The book I had bought for the Cotswold Way touted that this stage had some of the most beautiful forest scenery of the entire trek. Although the weather made the forest a little dark and dreary, we did enjoy our two mile hike through Standish Wood. At a parking lot at the end of the wood was a coffee and pastry truck. We stopped for a welcomed warm drink and snack and had a nice chat with the locals there.

The trail through Standish Wood

The weather continued cold and rainy until about an hour before the end of the stage. As we dried out, we began to see our destination, the town of Painswick, in the distance. Its distinctive 174-foot high church spire could be seen on the right side of town as we approached.

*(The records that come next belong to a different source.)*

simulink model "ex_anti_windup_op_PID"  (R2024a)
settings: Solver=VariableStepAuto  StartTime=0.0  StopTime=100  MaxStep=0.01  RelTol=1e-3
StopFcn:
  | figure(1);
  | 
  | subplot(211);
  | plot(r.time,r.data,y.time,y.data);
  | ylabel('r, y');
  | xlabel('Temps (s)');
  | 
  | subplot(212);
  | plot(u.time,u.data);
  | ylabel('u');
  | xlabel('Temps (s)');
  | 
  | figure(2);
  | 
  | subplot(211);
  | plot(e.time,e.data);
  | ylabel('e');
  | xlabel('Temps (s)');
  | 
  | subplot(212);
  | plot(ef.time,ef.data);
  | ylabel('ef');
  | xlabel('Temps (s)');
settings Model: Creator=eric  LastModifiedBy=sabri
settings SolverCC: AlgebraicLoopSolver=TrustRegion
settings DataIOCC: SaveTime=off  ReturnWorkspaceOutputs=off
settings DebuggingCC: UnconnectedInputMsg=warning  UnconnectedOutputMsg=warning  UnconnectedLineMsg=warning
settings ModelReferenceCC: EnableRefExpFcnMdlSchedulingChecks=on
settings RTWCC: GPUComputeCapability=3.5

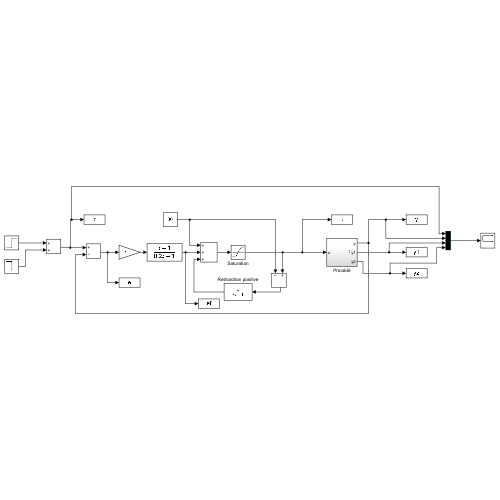
[thumbnail: Simulink's stored preview of the top-level diagram]
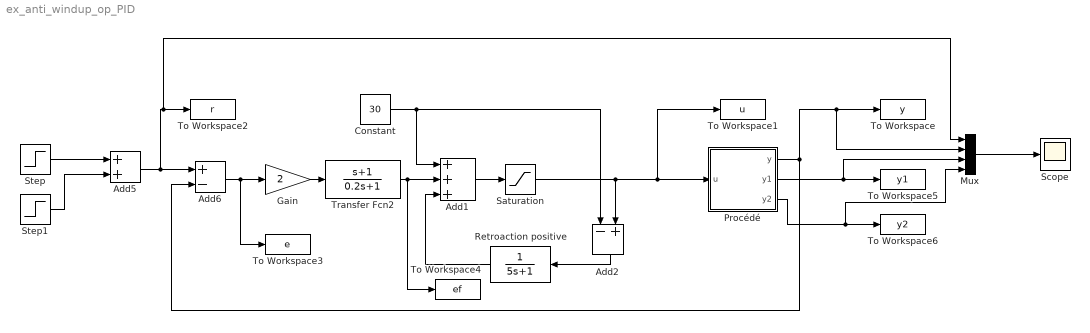
== system ex_anti_windup_op_PID ==
  Add1 : Sum  Inputs=+++
  Add2 : Sum  Inputs=-+
  Add5 : Sum
  Add6 : Sum  Inputs=+-
  Constant : Constant  Value=30
  Gain : Gain  Gain=2
  Mux : Mux
  Procédé : Subsystem
  Retroaction positive : TransferFcn  Denominator=[5 1]
  Saturation : Saturate  UpperLimit=40  LowerLimit=0
  Scope : Scope
  Step : Step  Time=10  Before=22  After=32  SampleTime=0
  Step1 : Step  Time=60  After=-5  SampleTime=0
  To Workspace : ToWorkspace  VariableName=y  SaveFormat=Timeseries  SampleTime=-1
  To Workspace1 : ToWorkspace  VariableName=u  SaveFormat=Timeseries  SampleTime=-1
  To Workspace2 : ToWorkspace  VariableName=r  SaveFormat=Timeseries  SampleTime=-1
  To Workspace3 : ToWorkspace  VariableName=e  SaveFormat=Timeseries  SampleTime=-1
  To Workspace4 : ToWorkspace  VariableName=ef  SaveFormat=Timeseries  SampleTime=-1
  To Workspace5 : ToWorkspace  VariableName=y1  SaveFormat=Timeseries  SampleTime=-1
  To Workspace6 : ToWorkspace  VariableName=y2  SaveFormat=Timeseries  SampleTime=-1
  Transfer Fcn2 : TransferFcn  Numerator=[1 1]  Denominator=[0.2 1]
  wires:
  Step/1 -> Add5/1
  Add6/1 -> To Workspace3/1, Gain/1
  Add1/1 -> Saturation/1
  Saturation/1 -> To Workspace1/1, Procédé/1(u), Add2/2
  Add2/1 -> Retroaction positive/1
  Constant/1 -> Add2/1, Add1/1
  Retroaction positive/1 -> Add1/3
  Step1/1 -> Add5/2
  Add5/1 -> Mux/1, To Workspace2/1, Add6/1
  Procédé/1(y) -> Add6/2, Mux/2, To Workspace/1
  Transfer Fcn2/1 -> To Workspace4/1, Add1/2
  Gain/1 -> Transfer Fcn2/1
  Procédé/2(y1) -> Mux/3, To Workspace5/1
  Procédé/3(y2) -> Mux/4, To Workspace6/1
  Mux/1 -> Scope/1

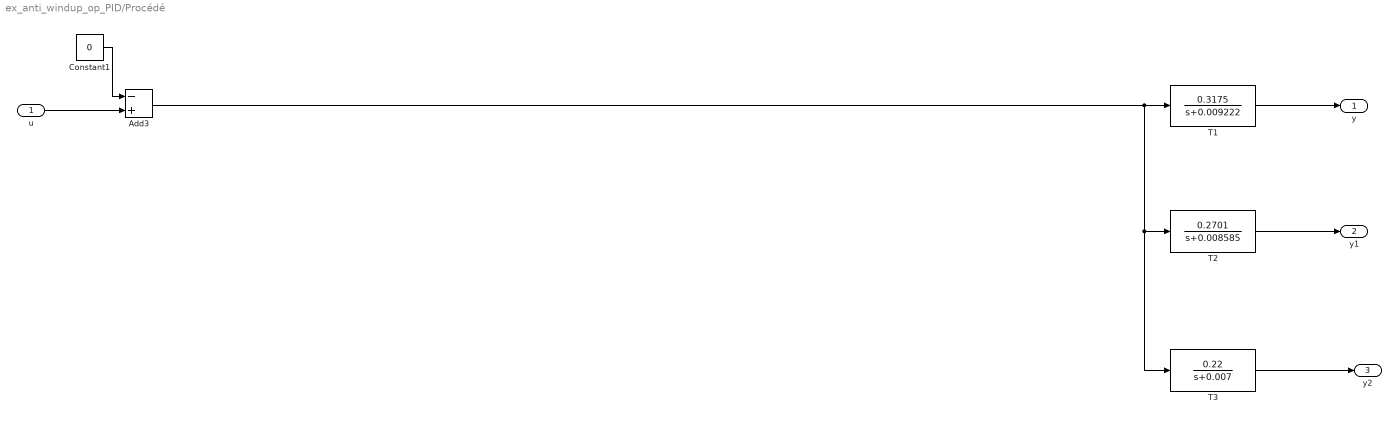
== system ex_anti_windup_op_PID/Procédé ==
  u : Inport
  Add3 : Sum  Inputs=-+
  Constant1 : Constant  Value=0
  T1 : TransferFcn  Numerator=[0.3175]  Denominator=[1 0.009222]
  T2 : TransferFcn  Numerator=0.2701  Denominator=[1 0.008585]
  T3 : TransferFcn  Numerator=[0.22]  Denominator=[1 0.007]
  y : Outport
  y1 : Outport  Port=2
  y2 : Outport  Port=3
  wires:
  u/1 -> Add3/2
  T1/1 -> y/1
  Constant1/1 -> Add3/1
  T2/1 -> y1/1
  T3/1 -> y2/1
  Add3/1 -> T3/1, T2/1, T1/1

View of Painswick in the distance

Painswick was an old wool and cloth market town and its buildings had a more white or gray tone than the other villages we would be visiting in the coming days. We found the town to be delightful and it made us anticipate the upcoming Cotswold villages that much more.

Looking down a street in Painswick
Buildings on a street in Painswick

That night we ate dinner at a pub right across the street from the iconic church we had seen when hiking into town.

St. Mary’s Church in Painswick

About a half-mile before we arrived in Painswick we came upon a marker signifying roughly the halfway point of the trek. The distance from Bath (55 miles) was noted on one side and the distance to go to Chipping Campden (47 miles) was inscribed on the other.

Marker with Bath distance on one side and Chipping Campden distance on the other

During our first four days of the Cotswold Way, we greatly appreciated the trail’s beauty and views. We were also fascinated with all the history that we had discovered, dating back to the 6th century. We so enjoyed the peacefulness of the wold and were anticipating visiting more iconic Cotswold villages as we continued our trek.

6 thoughts on “Into the Wold: Beginning the Cotswold Way

    • Sandy Post authorReply

      Thanks for your comment – so glad you enjoyed the story!

    • Darren Van Soye Reply

      Thanks, Abe and Betty! Glad you could come along with us!

  1. Ed Reply

    Do the villages seem to have families and commerce or is their purpose mostly to cater to tourists?

    • Darren Van Soye Reply

      Hi Ed – Thanks for your question. Tourism is definitely big in this area, but agriculture is also important. Besides all the sheep and cows we saw, there are also crops of barley, beans, rape seed oil, and wheat that are grown. We saw homes both in the cities and countryside.